Publication: CNN.com
Article: "Commentary: Legalize Drugs to Stop Violence" by Jeffrey A. Mirion
Mirion, a senior economics lecturer at Harvard, argues that only the legalization of drugs can end the escalation of violence in Mexico:

Prohibition creates violence because it drives the drug market underground. This means buyers and sellers cannot resolve their disputes with lawsuits, arbitration or advertising, so they resort to violence instead.

Violence was common in the alcohol industry when it was banned during Prohibition, but not before or after.

Violence is the norm in illicit gambling markets but not in legal ones. Violence is routine when prostitution is banned but not when it's permitted. Violence results from policies that create black markets, not from the characteristics of the good or activity in question.

Additionally, Mirion argues there other compelling reasons to end the prohibition on drugs, namely that prohibition breeds corruption in law enforcement and politics, and is a huge drain on state and federal financial resources.

"Publication":
As much as I hate citing a 24-hour news network: CNBC
"Article": ??
This is a clip from CNBC featuring a panel discussing marijuana prohibition, sparked by Attorney General Eric Holder's comments suggesting a different approach to marijuana laws by the Obama Administration (from the Associated Press: Holder "told reporters federal agents will target marijuana distributors that violate both federal and state law — a departure from the Bush administration which targeted medical marijuana dispensaries in California, even if they complied with that state's law.").
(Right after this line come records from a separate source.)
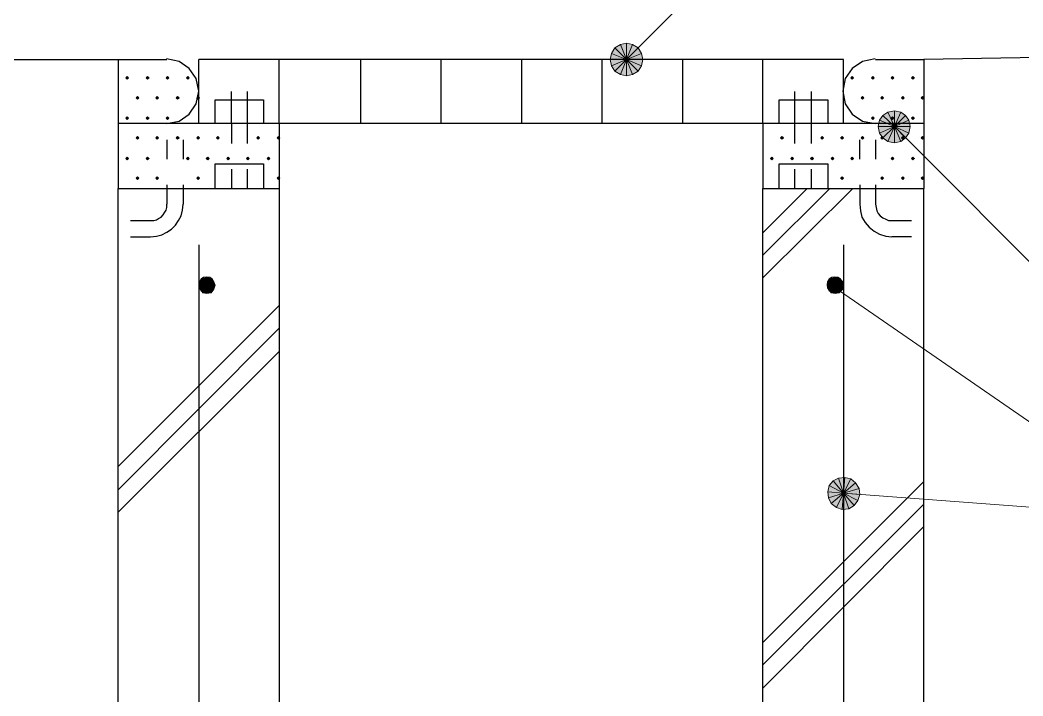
# Model space of a CAD drawing. Header units: millimetres. Extents: x 0 to 420, y 0 to 297.
# Drawn here: x 141.22 to 172.34, y 160.79 to 181.78 of the extents above; entities that cross this region are included whole.
import ezdxf

# ---------------------------------------------------------------- set-up
doc = ezdxf.new("R2010")
doc.units = ezdxf.units.MM

msp = doc.modelspace()

# ---------------------------------------------------------------- hatches: boundary and pattern name
h = msp.add_hatch(color=7)
h.paths.add_polyline_path([(160.041, 181.06), (159.851, 181.017), (160.041, 180.552), (160.041, 181.06)])
h.paths.add_polyline_path([(159.851, 181.017), (160.041, 180.552), (159.681, 180.912), (159.851, 181.017)])
h.paths.add_polyline_path([(160.041, 180.552), (159.681, 180.912), (159.576, 180.742), (160.041, 180.552)])
for points in [[(160.232, 181.017), (160.041, 181.06), (160.041, 180.552), (160.232, 181.017)], [(144.547, 180.022), (144.526, 180.001), (144.505, 179.98), (144.526, 179.959), (144.547, 179.938), (144.568, 179.959), (144.59, 179.98), (144.568, 180.001), (144.547, 180.022)], [(145.182, 180.022), (145.161, 180.001), (145.14, 179.98), (145.161, 179.959), (145.182, 179.938), (145.203, 179.959), (145.225, 179.98), (145.203, 180.001), (145.182, 180.022)], [(145.796, 180.022), (145.775, 180.001), (145.754, 179.98), (145.775, 179.959), (145.796, 179.938), (145.817, 179.959), (145.838, 179.98), (145.817, 180.001), (145.796, 180.022)], [(146.431, 180.022), (146.41, 180.001), (146.389, 179.98), (146.41, 179.959), (146.431, 179.938), (146.452, 179.959), (146.473, 179.98), (146.452, 180.001), (146.431, 180.022)], [(167.047, 180.022), (167.026, 180.001), (167.005, 179.98), (167.026, 179.959), (167.047, 179.938), (167.069, 179.959), (167.09, 179.98), (167.069, 180.001), (167.047, 180.022)], [(167.682, 180.022), (167.661, 180.001), (167.64, 179.98), (167.661, 179.959), (167.682, 179.938), (167.704, 179.959), (167.725, 179.98), (167.704, 180.001), (167.682, 180.022)], [(168.296, 180.022), (168.275, 180.001), (168.254, 179.98), (168.275, 179.959), (168.296, 179.938), (168.317, 179.959), (168.338, 179.98), (168.317, 180.001), (168.296, 180.022)], [(168.931, 180.022), (168.91, 180.001), (168.889, 179.98), (168.91, 179.959), (168.931, 179.938), (168.952, 179.959), (168.974, 179.98), (168.952, 180.001), (168.931, 180.022)], [(144.865, 179.409), (144.844, 179.387), (144.822, 179.366), (144.844, 179.345), (144.865, 179.324), (144.886, 179.345), (144.907, 179.366), (144.886, 179.387), (144.865, 179.409)], [(145.479, 179.409), (145.457, 179.387), (145.436, 179.366), (145.457, 179.345), (145.479, 179.324), (145.5, 179.345), (145.521, 179.366), (145.5, 179.387), (145.479, 179.409)], [(146.113, 179.409), (146.092, 179.387), (146.071, 179.366), (146.092, 179.345), (146.113, 179.324), (146.135, 179.345), (146.156, 179.366), (146.135, 179.387), (146.113, 179.409)], [(146.749, 179.409), (146.727, 179.387), (146.706, 179.366), (146.727, 179.345), (146.749, 179.324), (146.77, 179.345), (146.791, 179.366), (146.77, 179.387), (146.749, 179.409)], [(167.365, 179.409), (167.344, 179.387), (167.322, 179.366), (167.344, 179.345), (167.365, 179.324), (167.386, 179.345), (167.407, 179.366), (167.386, 179.387), (167.365, 179.409)], [(167.979, 179.409), (167.958, 179.387), (167.936, 179.366), (167.958, 179.345), (167.979, 179.324), (168, 179.345), (168.021, 179.366), (168, 179.387), (167.979, 179.409)], [(168.614, 179.409), (168.593, 179.387), (168.571, 179.366), (168.593, 179.345), (168.614, 179.324), (168.635, 179.345), (168.656, 179.366), (168.635, 179.387), (168.614, 179.409)], [(169.228, 179.409), (169.206, 179.387), (169.185, 179.366), (169.206, 179.345), (169.228, 179.324), (169.249, 179.345), (169.27, 179.366), (169.249, 179.387), (169.228, 179.409)], [(144.547, 178.774), (144.526, 178.752), (144.505, 178.731), (144.526, 178.71), (144.547, 178.689), (144.568, 178.71), (144.59, 178.731), (144.568, 178.752), (144.547, 178.774)], [(145.182, 178.774), (145.161, 178.752), (145.14, 178.731), (145.161, 178.71), (145.182, 178.689), (145.203, 178.71), (145.225, 178.731), (145.203, 178.752), (145.182, 178.774)], [(145.796, 178.774), (145.775, 178.752), (145.754, 178.731), (145.775, 178.71), (145.796, 178.689), (145.817, 178.71), (145.838, 178.731), (145.817, 178.752), (145.796, 178.774)], [(167.682, 178.774), (167.661, 178.752), (167.64, 178.731), (167.661, 178.71), (167.682, 178.689), (167.704, 178.71), (167.725, 178.731), (167.704, 178.752), (167.682, 178.774)], [(168.148, 178.922), (168, 178.816), (168.36, 178.477), (168.148, 178.922)], [(168.296, 178.774), (168.275, 178.752), (168.254, 178.731), (168.275, 178.71), (168.296, 178.689), (168.317, 178.71), (168.338, 178.731), (168.317, 178.752), (168.296, 178.774)], [(168.931, 178.774), (168.91, 178.752), (168.889, 178.731), (168.91, 178.71), (168.931, 178.689), (168.952, 178.71), (168.974, 178.731), (168.952, 178.752), (168.931, 178.774)], [(144.865, 178.16), (144.844, 178.139), (144.822, 178.117), (144.844, 178.096), (144.865, 178.075), (144.886, 178.096), (144.907, 178.117), (144.886, 178.139), (144.865, 178.16)], [(145.479, 178.16), (145.457, 178.139), (145.436, 178.117), (145.457, 178.096), (145.479, 178.075), (145.5, 178.096), (145.521, 178.117), (145.5, 178.139), (145.479, 178.16)], [(146.113, 178.16), (146.092, 178.139), (146.071, 178.117), (146.092, 178.096), (146.113, 178.075), (146.135, 178.096), (146.156, 178.117), (146.135, 178.139), (146.113, 178.16)], [(146.749, 178.16), (146.727, 178.139), (146.706, 178.117), (146.727, 178.096), (146.749, 178.075), (146.77, 178.096), (146.791, 178.117), (146.77, 178.139), (146.749, 178.16)], [(147.362, 178.16), (147.341, 178.139), (147.32, 178.117), (147.341, 178.096), (147.362, 178.075), (147.384, 178.096), (147.405, 178.117), (147.384, 178.139), (147.362, 178.16)], [(148.611, 178.16), (148.59, 178.139), (148.569, 178.117), (148.59, 178.096), (148.611, 178.075), (148.632, 178.096), (148.654, 178.117), (148.632, 178.139), (148.611, 178.16)], [(149.246, 178.16), (149.225, 178.139), (149.204, 178.117), (149.225, 178.096), (149.246, 178.075), (149.267, 178.096), (149.288, 178.117), (149.267, 178.139), (149.246, 178.16)], [(164.867, 178.16), (164.846, 178.139), (164.825, 178.117), (164.846, 178.096), (164.867, 178.075), (164.888, 178.096), (164.91, 178.117), (164.888, 178.139), (164.867, 178.16)], [(166.116, 178.16), (166.095, 178.139), (166.074, 178.117), (166.095, 178.096), (166.116, 178.075), (166.137, 178.096), (166.158, 178.117), (166.137, 178.139), (166.116, 178.16)], [(166.73, 178.16), (166.709, 178.139), (166.687, 178.117), (166.709, 178.096), (166.73, 178.075), (166.751, 178.096), (166.772, 178.117), (166.751, 178.139), (166.73, 178.16)], [(167.365, 178.16), (167.344, 178.139), (167.322, 178.117), (167.344, 178.096), (167.365, 178.075), (167.386, 178.096), (167.407, 178.117), (167.386, 178.139), (167.365, 178.16)], [(167.979, 178.16), (167.958, 178.139), (167.936, 178.117), (167.958, 178.096), (167.979, 178.075), (168, 178.096), (168.021, 178.117), (168, 178.139), (167.979, 178.16)], [(168.614, 178.16), (168.593, 178.139), (168.571, 178.117), (168.593, 178.096), (168.614, 178.075), (168.635, 178.096), (168.656, 178.117), (168.635, 178.139), (168.614, 178.16)], [(169.228, 178.16), (169.206, 178.139), (169.185, 178.117), (169.206, 178.096), (169.228, 178.075), (169.249, 178.096), (169.27, 178.117), (169.249, 178.139), (169.228, 178.16)], [(144.547, 177.525), (144.526, 177.504), (144.505, 177.482), (144.526, 177.461), (144.547, 177.44), (144.568, 177.461), (144.59, 177.482), (144.568, 177.504), (144.547, 177.525)], [(145.182, 177.525), (145.161, 177.504), (145.14, 177.482), (145.161, 177.461), (145.182, 177.44), (145.203, 177.461), (145.225, 177.482), (145.203, 177.504), (145.182, 177.525)], [(146.431, 177.525), (146.41, 177.504), (146.389, 177.482), (146.41, 177.461), (146.431, 177.44), (146.452, 177.461), (146.473, 177.482), (146.452, 177.504), (146.431, 177.525)], [(147.045, 177.525), (147.024, 177.504), (147.003, 177.482), (147.024, 177.461), (147.045, 177.44), (147.066, 177.461), (147.087, 177.482), (147.066, 177.504), (147.045, 177.525)], [(147.68, 177.525), (147.659, 177.504), (147.637, 177.482), (147.659, 177.461), (147.68, 177.44), (147.701, 177.461), (147.722, 177.482), (147.701, 177.504), (147.68, 177.525)], [(148.294, 177.525), (148.272, 177.504), (148.251, 177.482), (148.272, 177.461), (148.294, 177.44), (148.315, 177.461), (148.336, 177.482), (148.315, 177.504), (148.294, 177.525)], [(148.929, 177.525), (148.908, 177.504), (148.886, 177.482), (148.908, 177.461), (148.929, 177.44), (148.95, 177.461), (148.971, 177.482), (148.95, 177.504), (148.929, 177.525)], [(164.55, 177.525), (164.529, 177.504), (164.507, 177.482), (164.529, 177.461), (164.55, 177.44), (164.571, 177.461), (164.592, 177.482), (164.571, 177.504), (164.55, 177.525)], [(165.185, 177.525), (165.163, 177.504), (165.142, 177.482), (165.163, 177.461), (165.185, 177.44), (165.206, 177.461), (165.227, 177.482), (165.206, 177.504), (165.185, 177.525)], [(165.799, 177.525), (165.777, 177.504), (165.756, 177.482), (165.777, 177.461), (165.799, 177.44), (165.82, 177.461), (165.841, 177.482), (165.82, 177.504), (165.799, 177.525)], [(166.434, 177.525), (166.412, 177.504), (166.391, 177.482), (166.412, 177.461), (166.434, 177.44), (166.455, 177.461), (166.476, 177.482), (166.455, 177.504), (166.434, 177.525)], [(167.047, 177.525), (167.026, 177.504), (167.005, 177.482), (167.026, 177.461), (167.047, 177.44), (167.069, 177.461), (167.09, 177.482), (167.069, 177.504), (167.047, 177.525)], [(168.296, 177.525), (168.275, 177.504), (168.254, 177.482), (168.275, 177.461), (168.296, 177.44), (168.317, 177.461), (168.338, 177.482), (168.317, 177.504), (168.296, 177.525)], [(168.931, 177.525), (168.91, 177.504), (168.889, 177.482), (168.91, 177.461), (168.931, 177.44), (168.952, 177.461), (168.974, 177.482), (168.952, 177.504), (168.931, 177.525)], [(144.865, 176.911), (144.844, 176.89), (144.822, 176.869), (144.844, 176.847), (144.865, 176.826), (144.886, 176.847), (144.907, 176.869), (144.886, 176.89), (144.865, 176.911)], [(145.479, 176.911), (145.457, 176.89), (145.436, 176.869), (145.457, 176.847), (145.479, 176.826), (145.5, 176.847), (145.521, 176.869), (145.5, 176.89), (145.479, 176.911)], [(146.749, 176.911), (146.727, 176.89), (146.706, 176.869), (146.727, 176.847), (146.749, 176.826), (146.77, 176.847), (146.791, 176.869), (146.77, 176.89), (146.749, 176.911)], [(149.246, 176.911), (149.225, 176.89), (149.204, 176.869), (149.225, 176.847), (149.246, 176.826), (149.267, 176.847), (149.288, 176.869), (149.267, 176.89), (149.246, 176.911)], [(166.73, 176.911), (166.709, 176.89), (166.687, 176.869), (166.709, 176.847), (166.73, 176.826), (166.751, 176.847), (166.772, 176.869), (166.751, 176.89), (166.73, 176.911)], [(167.979, 176.911), (167.958, 176.89), (167.936, 176.869), (167.958, 176.847), (167.979, 176.826), (168, 176.847), (168.021, 176.869), (168, 176.89), (167.979, 176.911)], [(168.614, 176.911), (168.593, 176.89), (168.571, 176.869), (168.593, 176.847), (168.614, 176.826), (168.635, 176.847), (168.656, 176.869), (168.635, 176.89), (168.614, 176.911)], [(169.228, 176.911), (169.206, 176.89), (169.185, 176.869), (169.206, 176.847), (169.228, 176.826), (169.249, 176.847), (169.27, 176.869), (169.249, 176.89), (169.228, 176.911)], [(166.328, 167.322), (166.285, 167.132), (166.772, 167.09), (166.328, 167.322)]]:
    msp.add_hatch(color=7).paths.add_polyline_path(points)
h = msp.add_hatch(color=7)
h.paths.add_polyline_path([(160.549, 180.552), (160.507, 180.742), (160.041, 180.552), (160.549, 180.552)])
h.paths.add_polyline_path([(160.507, 180.742), (160.041, 180.552), (160.401, 180.912), (160.507, 180.742)])
h.paths.add_polyline_path([(160.041, 180.552), (160.401, 180.912), (160.232, 181.017), (160.041, 180.552)])
h = msp.add_hatch(color=7)
h.paths.add_polyline_path([(159.576, 180.742), (159.533, 180.552), (160.041, 180.552), (159.576, 180.742)])
h.paths.add_polyline_path([(159.533, 180.552), (160.041, 180.552), (159.576, 180.361), (159.533, 180.552)])
h.paths.add_polyline_path([(160.041, 180.552), (159.576, 180.361), (159.681, 180.192), (160.041, 180.552)])
h = msp.add_hatch(color=7)
h.paths.add_polyline_path([(159.681, 180.192), (159.851, 180.086), (160.041, 180.552), (159.681, 180.192)])
h.paths.add_polyline_path([(159.851, 180.086), (160.041, 180.552), (160.041, 180.044), (159.851, 180.086)])
h.paths.add_polyline_path([(160.041, 180.552), (160.041, 180.044), (160.232, 180.086), (160.041, 180.552)])
h = msp.add_hatch(color=7)
h.paths.add_polyline_path([(160.232, 180.086), (160.401, 180.192), (160.041, 180.552), (160.232, 180.086)])
h.paths.add_polyline_path([(160.401, 180.192), (160.041, 180.552), (160.507, 180.361), (160.401, 180.192)])
h.paths.add_polyline_path([(160.041, 180.552), (160.507, 180.361), (160.549, 180.552), (160.041, 180.552)])
h = msp.add_hatch(color=7)
h.paths.add_polyline_path([(168.698, 178.816), (168.55, 178.922), (168.36, 178.477), (168.698, 178.816)])
h.paths.add_polyline_path([(168.55, 178.922), (168.36, 178.477), (168.36, 178.964), (168.55, 178.922)])
h.paths.add_polyline_path([(168.36, 178.477), (168.36, 178.964), (168.148, 178.922), (168.36, 178.477)])
h = msp.add_hatch(color=7)
h.paths.add_polyline_path([(168, 178.816), (167.894, 178.668), (168.36, 178.477), (168, 178.816)])
h.paths.add_polyline_path([(167.894, 178.668), (168.36, 178.477), (167.852, 178.477), (167.894, 178.668)])
h.paths.add_polyline_path([(168.36, 178.477), (167.852, 178.477), (167.894, 178.266), (168.36, 178.477)])
h = msp.add_hatch(color=7)
h.paths.add_polyline_path([(168.804, 178.266), (168.846, 178.477), (168.36, 178.477), (168.804, 178.266)])
h.paths.add_polyline_path([(168.846, 178.477), (168.36, 178.477), (168.804, 178.668), (168.846, 178.477)])
h.paths.add_polyline_path([(168.36, 178.477), (168.804, 178.668), (168.698, 178.816), (168.36, 178.477)])
h = msp.add_hatch(color=7)
h.paths.add_polyline_path([(167.894, 178.266), (168, 178.117), (168.36, 178.477), (167.894, 178.266)])
h.paths.add_polyline_path([(168, 178.117), (168.36, 178.477), (168.148, 178.012), (168, 178.117)])
h.paths.add_polyline_path([(168.36, 178.477), (168.148, 178.012), (168.36, 177.969), (168.36, 178.477)])
h = msp.add_hatch(color=7)
h.paths.add_polyline_path([(168.36, 177.969), (168.55, 178.012), (168.36, 178.477), (168.36, 177.969)])
h.paths.add_polyline_path([(168.55, 178.012), (168.36, 178.477), (168.698, 178.117), (168.55, 178.012)])
h.paths.add_polyline_path([(168.36, 178.477), (168.698, 178.117), (168.804, 178.266), (168.36, 178.477)])
h = msp.add_hatch(color=7)
h.paths.add_polyline_path([(147.024, 173.778), (146.897, 173.757), (147.024, 173.546), (147.024, 173.778)])
h.paths.add_polyline_path([(146.897, 173.757), (147.024, 173.546), (146.812, 173.651), (146.897, 173.757)])
h.paths.add_polyline_path([(147.024, 173.546), (146.812, 173.651), (146.77, 173.546), (147.024, 173.546)])
h = msp.add_hatch(color=7)
h.paths.add_polyline_path([(147.278, 173.546), (147.235, 173.651), (147.024, 173.546), (147.278, 173.546)])
h.paths.add_polyline_path([(147.235, 173.651), (147.024, 173.546), (147.151, 173.757), (147.235, 173.651)])
h.paths.add_polyline_path([(147.024, 173.546), (147.151, 173.757), (147.024, 173.778), (147.024, 173.546)])
h = msp.add_hatch(color=7)
h.paths.add_polyline_path([(166.518, 173.778), (166.391, 173.757), (166.518, 173.546), (166.518, 173.778)])
h.paths.add_polyline_path([(166.391, 173.757), (166.518, 173.546), (166.307, 173.651), (166.391, 173.757)])
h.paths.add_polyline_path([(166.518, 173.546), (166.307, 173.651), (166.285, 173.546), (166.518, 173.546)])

Of course, there remains plenty of vocal support against legalization (or legalization's boring cousin - decriminalization) and according to a recent CBS News poll, only 31% of Americans believe marijuana should be legal. However, perhaps this increase in coverage means we're ready to have an open conversation about American and international drug policy. Or maybe it just means the hippie college professors, libertarians, and High Times subscribers got jobs as economists and journalists.